Corpora and Semantic Analysis

Suzanne Kemmer
Rice University

 

 

Corpora have been used for various purposes in Linguistics and language teaching. In this talk I discuss how linguistic corpora can be used to arrive at semantic analyses of specific linguistic units and larger networks of units.

I begin with an introduction to the usage-based conception of language (Langacker 1988, 2000) and contrast its essential nature with the nature of other approaches. An overview of methodologies for uncovering semantic properties of linguistic units follows, including structuralist methods, generativist methods, and what I term "Stage I" Cognitive Linguistic analyses (polysemy and metaphor analyses of the 1980s-90s).
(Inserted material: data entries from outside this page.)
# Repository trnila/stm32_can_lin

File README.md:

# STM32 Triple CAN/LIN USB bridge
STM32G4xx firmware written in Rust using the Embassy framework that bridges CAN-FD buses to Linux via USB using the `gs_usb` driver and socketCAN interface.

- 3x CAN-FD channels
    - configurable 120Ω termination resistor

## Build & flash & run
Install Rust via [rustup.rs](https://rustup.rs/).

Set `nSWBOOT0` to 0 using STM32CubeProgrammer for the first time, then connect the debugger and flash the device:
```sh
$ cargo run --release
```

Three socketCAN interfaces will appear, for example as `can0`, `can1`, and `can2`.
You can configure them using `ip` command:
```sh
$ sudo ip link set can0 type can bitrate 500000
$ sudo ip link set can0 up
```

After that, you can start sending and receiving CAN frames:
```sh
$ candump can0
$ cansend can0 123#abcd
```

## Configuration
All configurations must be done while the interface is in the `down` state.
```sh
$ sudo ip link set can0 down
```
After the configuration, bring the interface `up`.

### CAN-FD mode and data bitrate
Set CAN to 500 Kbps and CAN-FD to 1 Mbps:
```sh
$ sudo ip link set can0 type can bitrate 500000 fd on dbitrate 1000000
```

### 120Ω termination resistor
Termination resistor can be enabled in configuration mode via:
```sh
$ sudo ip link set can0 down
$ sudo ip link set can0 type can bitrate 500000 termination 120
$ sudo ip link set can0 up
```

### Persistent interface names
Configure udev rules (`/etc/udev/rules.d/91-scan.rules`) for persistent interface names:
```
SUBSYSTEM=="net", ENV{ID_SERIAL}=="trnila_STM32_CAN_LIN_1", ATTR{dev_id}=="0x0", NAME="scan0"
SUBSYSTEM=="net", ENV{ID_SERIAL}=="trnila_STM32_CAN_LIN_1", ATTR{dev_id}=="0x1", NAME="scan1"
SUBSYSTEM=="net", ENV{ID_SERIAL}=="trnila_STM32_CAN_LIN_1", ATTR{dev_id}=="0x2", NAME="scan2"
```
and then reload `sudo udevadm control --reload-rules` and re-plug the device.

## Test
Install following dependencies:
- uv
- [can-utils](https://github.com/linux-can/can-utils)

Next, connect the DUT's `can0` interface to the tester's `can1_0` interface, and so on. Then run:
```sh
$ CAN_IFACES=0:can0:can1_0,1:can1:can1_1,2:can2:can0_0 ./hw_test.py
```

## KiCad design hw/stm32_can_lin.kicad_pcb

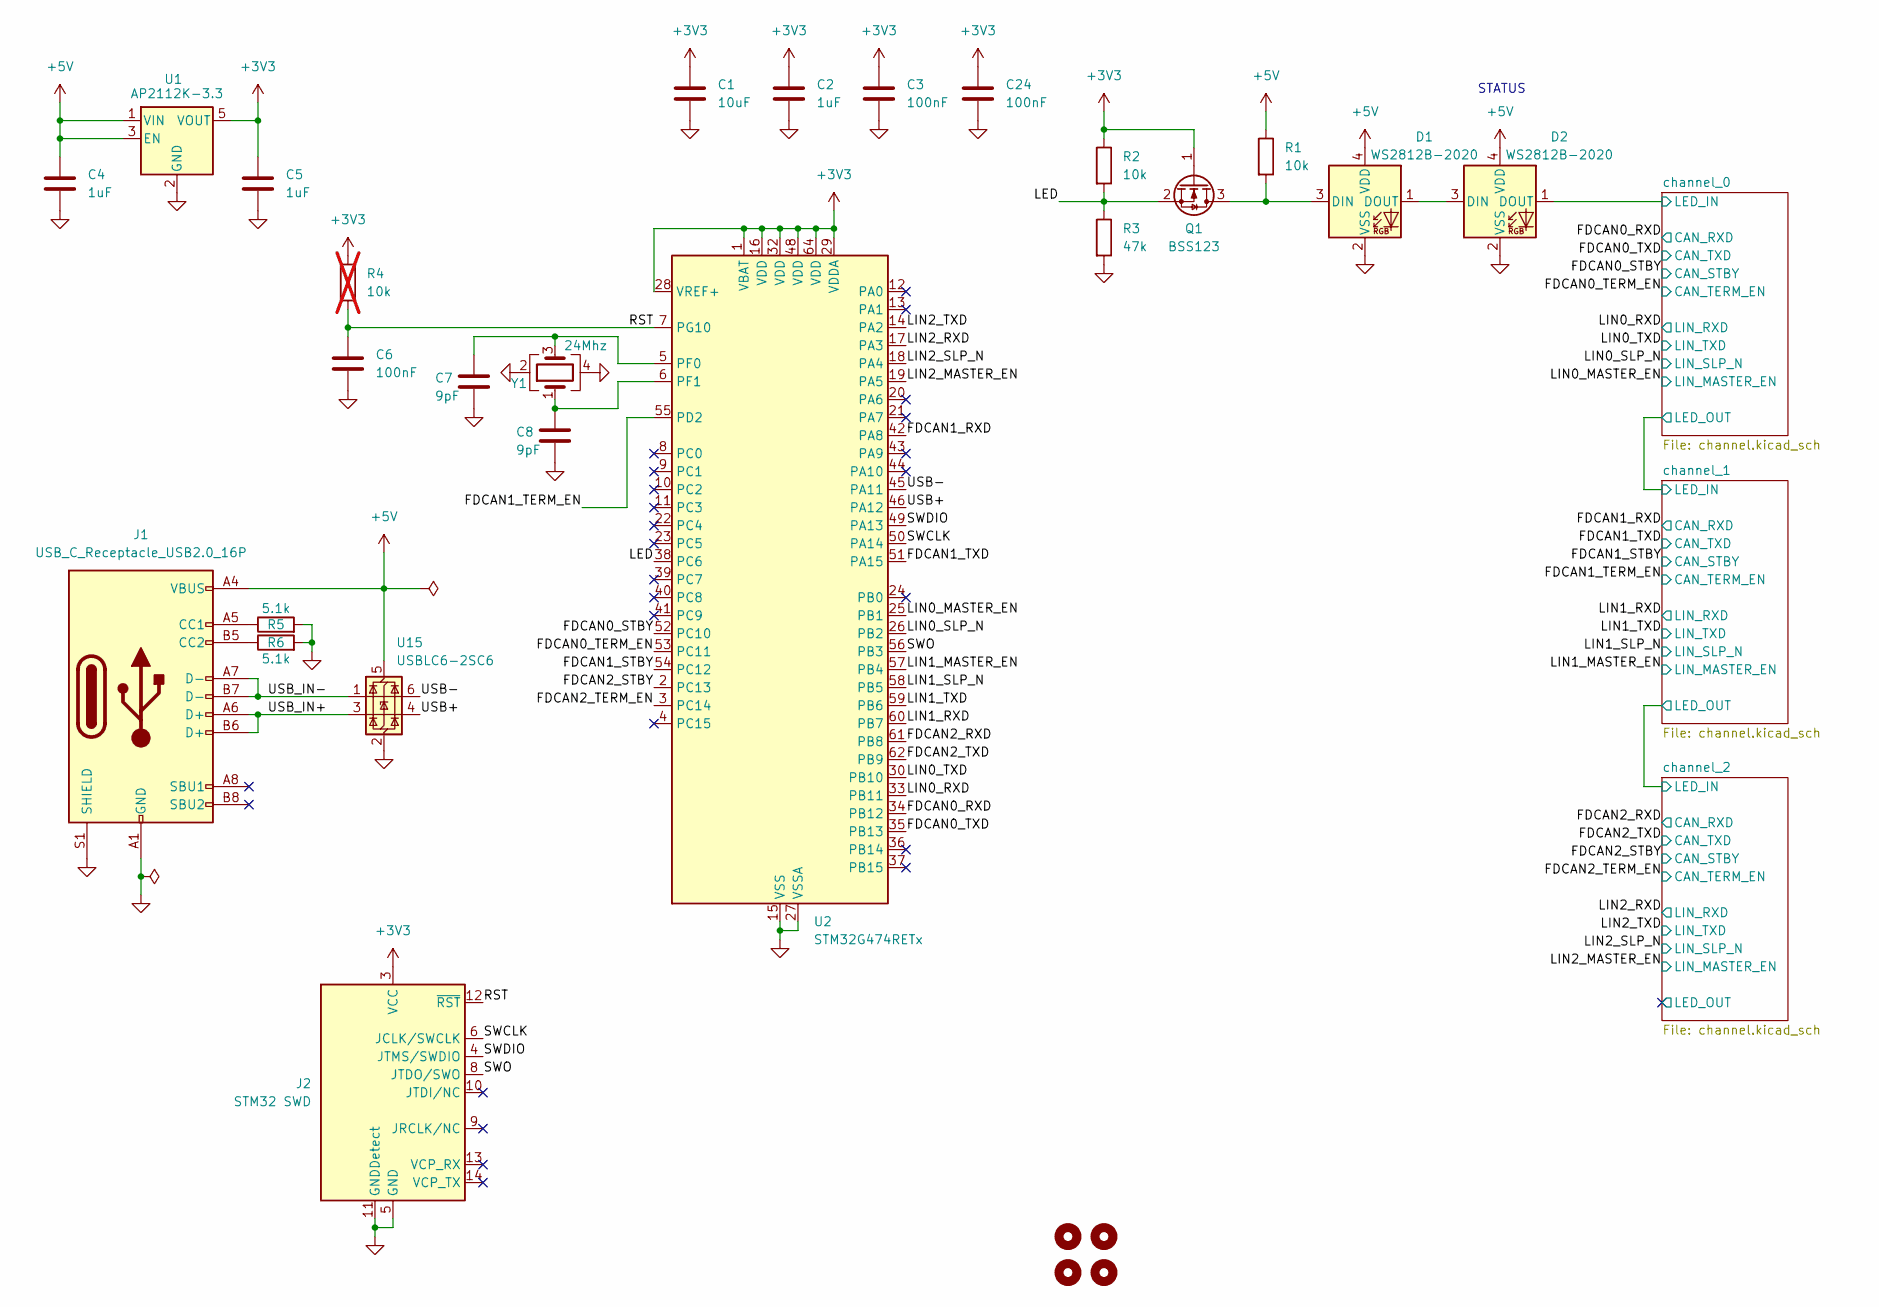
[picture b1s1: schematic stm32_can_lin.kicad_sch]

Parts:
C1: 10uF; C_0805_2012Metric_Pad1.18x1.45mm_HandSolder
C2, C4, C5: 1uF; C_0805_2012Metric_Pad1.18x1.45mm_HandSolder
C3, C6, C24: 100nF; C_0805_2012Metric_Pad1.18x1.45mm_HandSolder
C7, C8: 9pF; C_0805_2012Metric_Pad1.18x1.45mm_HandSolder
D1, D2: WS2812B-2020; LED_WS2812B-2020_PLCC4_2.0x2.0mm
H1, H2, H3, H4: MountingHole; MountingHole_3.2mm_M3
J1: USB_C_Receptacle_USB2.0_16P; USB_C_Receptacle_GCT_USB4105-xx-A_16P_TopMnt_Horizontal
J2: STM32 SWD; PinHeader_2x07_P1.27mm_Vertical_SMD
Q1: BSS123; SOT-23
R1, R2: 10k; R_0805_2012Metric_Pad1.20x1.40mm_HandSolder
R3: 47k; R_0805_2012Metric_Pad1.20x1.40mm_HandSolder
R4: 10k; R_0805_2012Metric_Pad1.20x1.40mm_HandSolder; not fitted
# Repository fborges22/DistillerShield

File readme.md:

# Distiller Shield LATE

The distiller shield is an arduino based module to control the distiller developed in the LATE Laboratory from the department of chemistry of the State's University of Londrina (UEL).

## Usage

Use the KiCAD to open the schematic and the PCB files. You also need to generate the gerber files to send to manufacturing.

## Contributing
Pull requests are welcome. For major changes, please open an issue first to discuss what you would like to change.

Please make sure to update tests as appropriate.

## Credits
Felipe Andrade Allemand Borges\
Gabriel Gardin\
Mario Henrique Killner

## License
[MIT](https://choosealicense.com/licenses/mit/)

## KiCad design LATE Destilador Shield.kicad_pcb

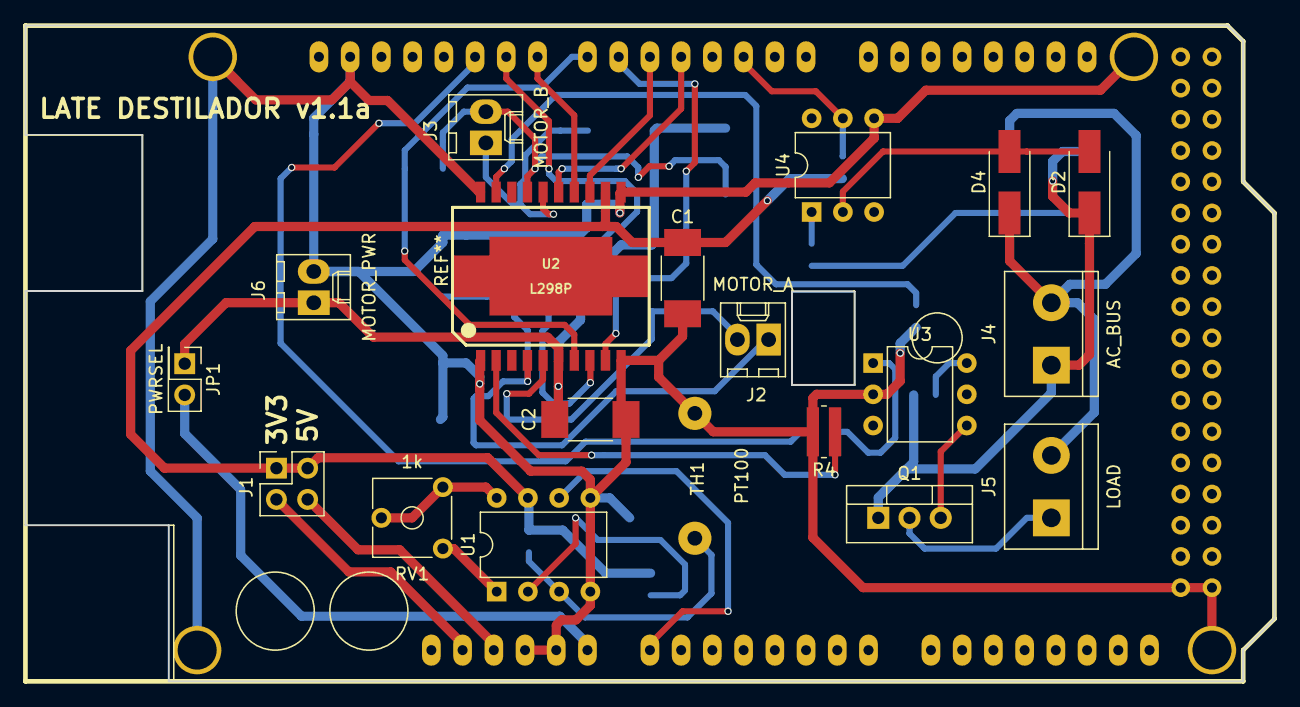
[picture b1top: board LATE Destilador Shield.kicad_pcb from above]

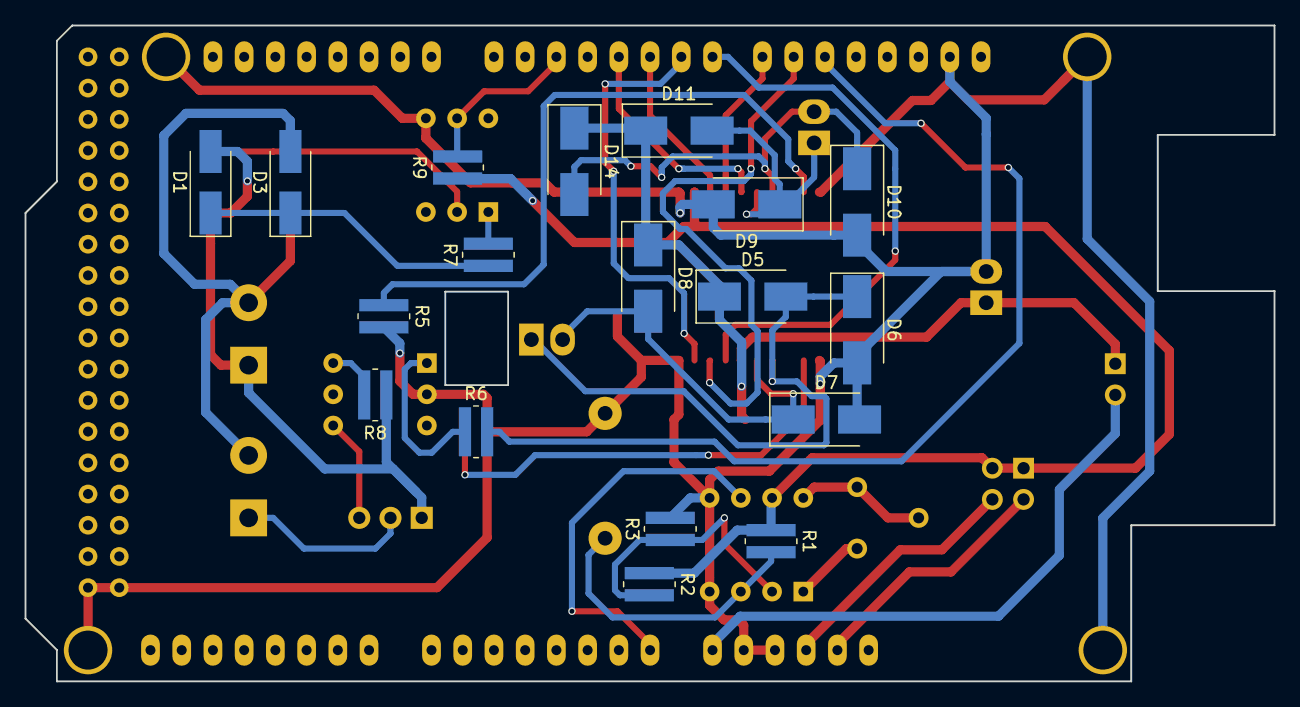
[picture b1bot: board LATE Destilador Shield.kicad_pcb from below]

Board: 2 copper layers, 101.6 x 53.3 mm, 38 parts (18 on the bottom side), 34 nets.

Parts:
C1: 470u; C_1812_HandSoldering
C2: 100nF; C_1812_HandSoldering
D1, D2, D3, D4: 1N4004; D_SMA_Handsoldering
D5, D6, D7, D8, D9, D10, D11, D14: SS26; D_SMB_Handsoldering
J1: PWRSRC; Pin_Header_Straight_2x02_Pitch2.54mm
J2: MOTOR_A; Molex_KK-6410-02_02x2.54mm_Straight
J3: MOTOR_B; Molex_KK-6410-02_02x2.54mm_Straight
J4: AC_BUS; TerminalBlock_bornier-2_P5.08mm
J5: LOAD; TerminalBlock_bornier-2_P5.08mm
J6: MOTOR_PWR; Molex_KK-6410-02_02x2.54mm_Straight
JP1: PWRSEL; Pin_Header_Straight_2x01_Pitch2.54mm
LATE DESTILADOR v1.1a: ARDUINO_MEGA_SHIELD
Q1: BT136-500; TO-220-3_Vertical
R1, R2, R3: 100; R_1508_Wide
R4, R5: 10; R_1508_Wide
R6: 220; R_1508_Wide
R7, R8: 330; R_1508_Wide
R9: 1k; R_1508_Wide
RV1: 1k; Potentiometer_Trimmer_ACP_CA6v_Horizontal
TH1: PT100; WireConnection_1.20mmDrill
U1: AD620; DIP-8_W7.62mm
U2: L298P; PowerSO-20
U3: MOC3020M; DIP-6_W7.62mm
U4: 4N25; DIP-6_W7.62mm

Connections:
3V3: J1.3, LATE DESTILADOR v1.1a.3V3
5VDC: J1.4, LATE DESTILADOR v1.1a.5V
+12V: C2.1, D5.1, D8.1, D11.1, D14.1, J6.1, JP1.1, U2.6
/ENA: LATE DESTILADOR v1.1a.9, U2.8
/ENB: LATE DESTILADOR v1.1a.8, U2.14
/IN1: LATE DESTILADOR v1.1a.7, U2.7
/IN2: LATE DESTILADOR v1.1a.6, U2.9
/IN3: LATE DESTILADOR v1.1a.5, U2.13
/IN4: LATE DESTILADOR v1.1a.4, U2.15
AC1: D1.2, D2.1, J4.1, Q1.1, R8.1
AC2: D3.2, D4.1, J4.2, J5.2
ACINT: LATE DESTILADOR v1.1a.2, R9.2, U4.5
GND: C1.2, C2.2, D6.2, D7.2, D9.2, D10.2, J6.2, LATE DESTILADOR v1.1a.GND1, LATE DESTILADOR v1.1a.GND2, LATE DESTILADOR v1.1a.GND3, LATE DESTILADOR v1.1a.GND4, LATE DESTILADOR v1.1a.GND5, R3.2, R4.2, R5.2, TH1.2, U1.4, U1.5, U2.1, U2.10, U2.11, U2.20, U3.2, U4.4
unnamed: D1.1, D3.1, R7.1
unnamed: D2.2, D4.2, U4.2
unnamed: D5.2, D6.1, J2.1, U2.4
unnamed: D7.1, D8.2, J2.2, U2.5
unnamed: D10.1, D14.2, J3.2, U2.17
unnamed: D9.1, D11.2, J3.1, U2.16
unnamed: J5.1, Q1.2
unnamed: JP1.2, LATE DESTILADOR v1.1a.V_IN
unnamed: Q1.3, U3.4
unnamed: R1.2, TH1.1, U1.3
unnamed: R2.2, R3.1, U1.2
unnamed: R4.1, U2.2
unnamed: R5.1, U2.19
unnamed: R6.1, U3.1
unnamed: R7.2, U4.1
unnamed: R8.2, U3.6
unnamed: RV1.1, RV1.2, U1.8
unnamed: RV1.3, U1.1
unnamed: LATE DESTILADOR v1.1a.AD0, U1.6
TRIG: LATE DESTILADOR v1.1a.10, R6.2
VCC: C1.1, J1.1, J1.2, R1.1, R2.1, R9.1, U1.7, U2.12

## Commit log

2019-02-04 First commit after migration from SVN
2019-02-21 Project upgrade to KiCAD 5.02

The use of corpus frequency data is then introduced, and its theoretical importance in the usage based model explained. Brief examples are given of the use of frequency data in modern "Stage II" Cognitive analyses (2000s) of various types: the semantic analysis of lexical items (e.g. deep vs. shallow); the semantics of constructions (e.g. the English make causative); and the interaction of lexical items and constructions (e.g. with respect to English motion verbs and prepositions in motion constructions).

The basic relation between frequency in a corpus and semantic acceptability judgments is described within the usage-based theory, and some predictions are offered. The phenomenon of constructional coercion is interpreted in terms of this framework. After a concluding summary of the main points, some advantages of integrating corpus linguistic methodology with cognitive semantics are briefly sketched.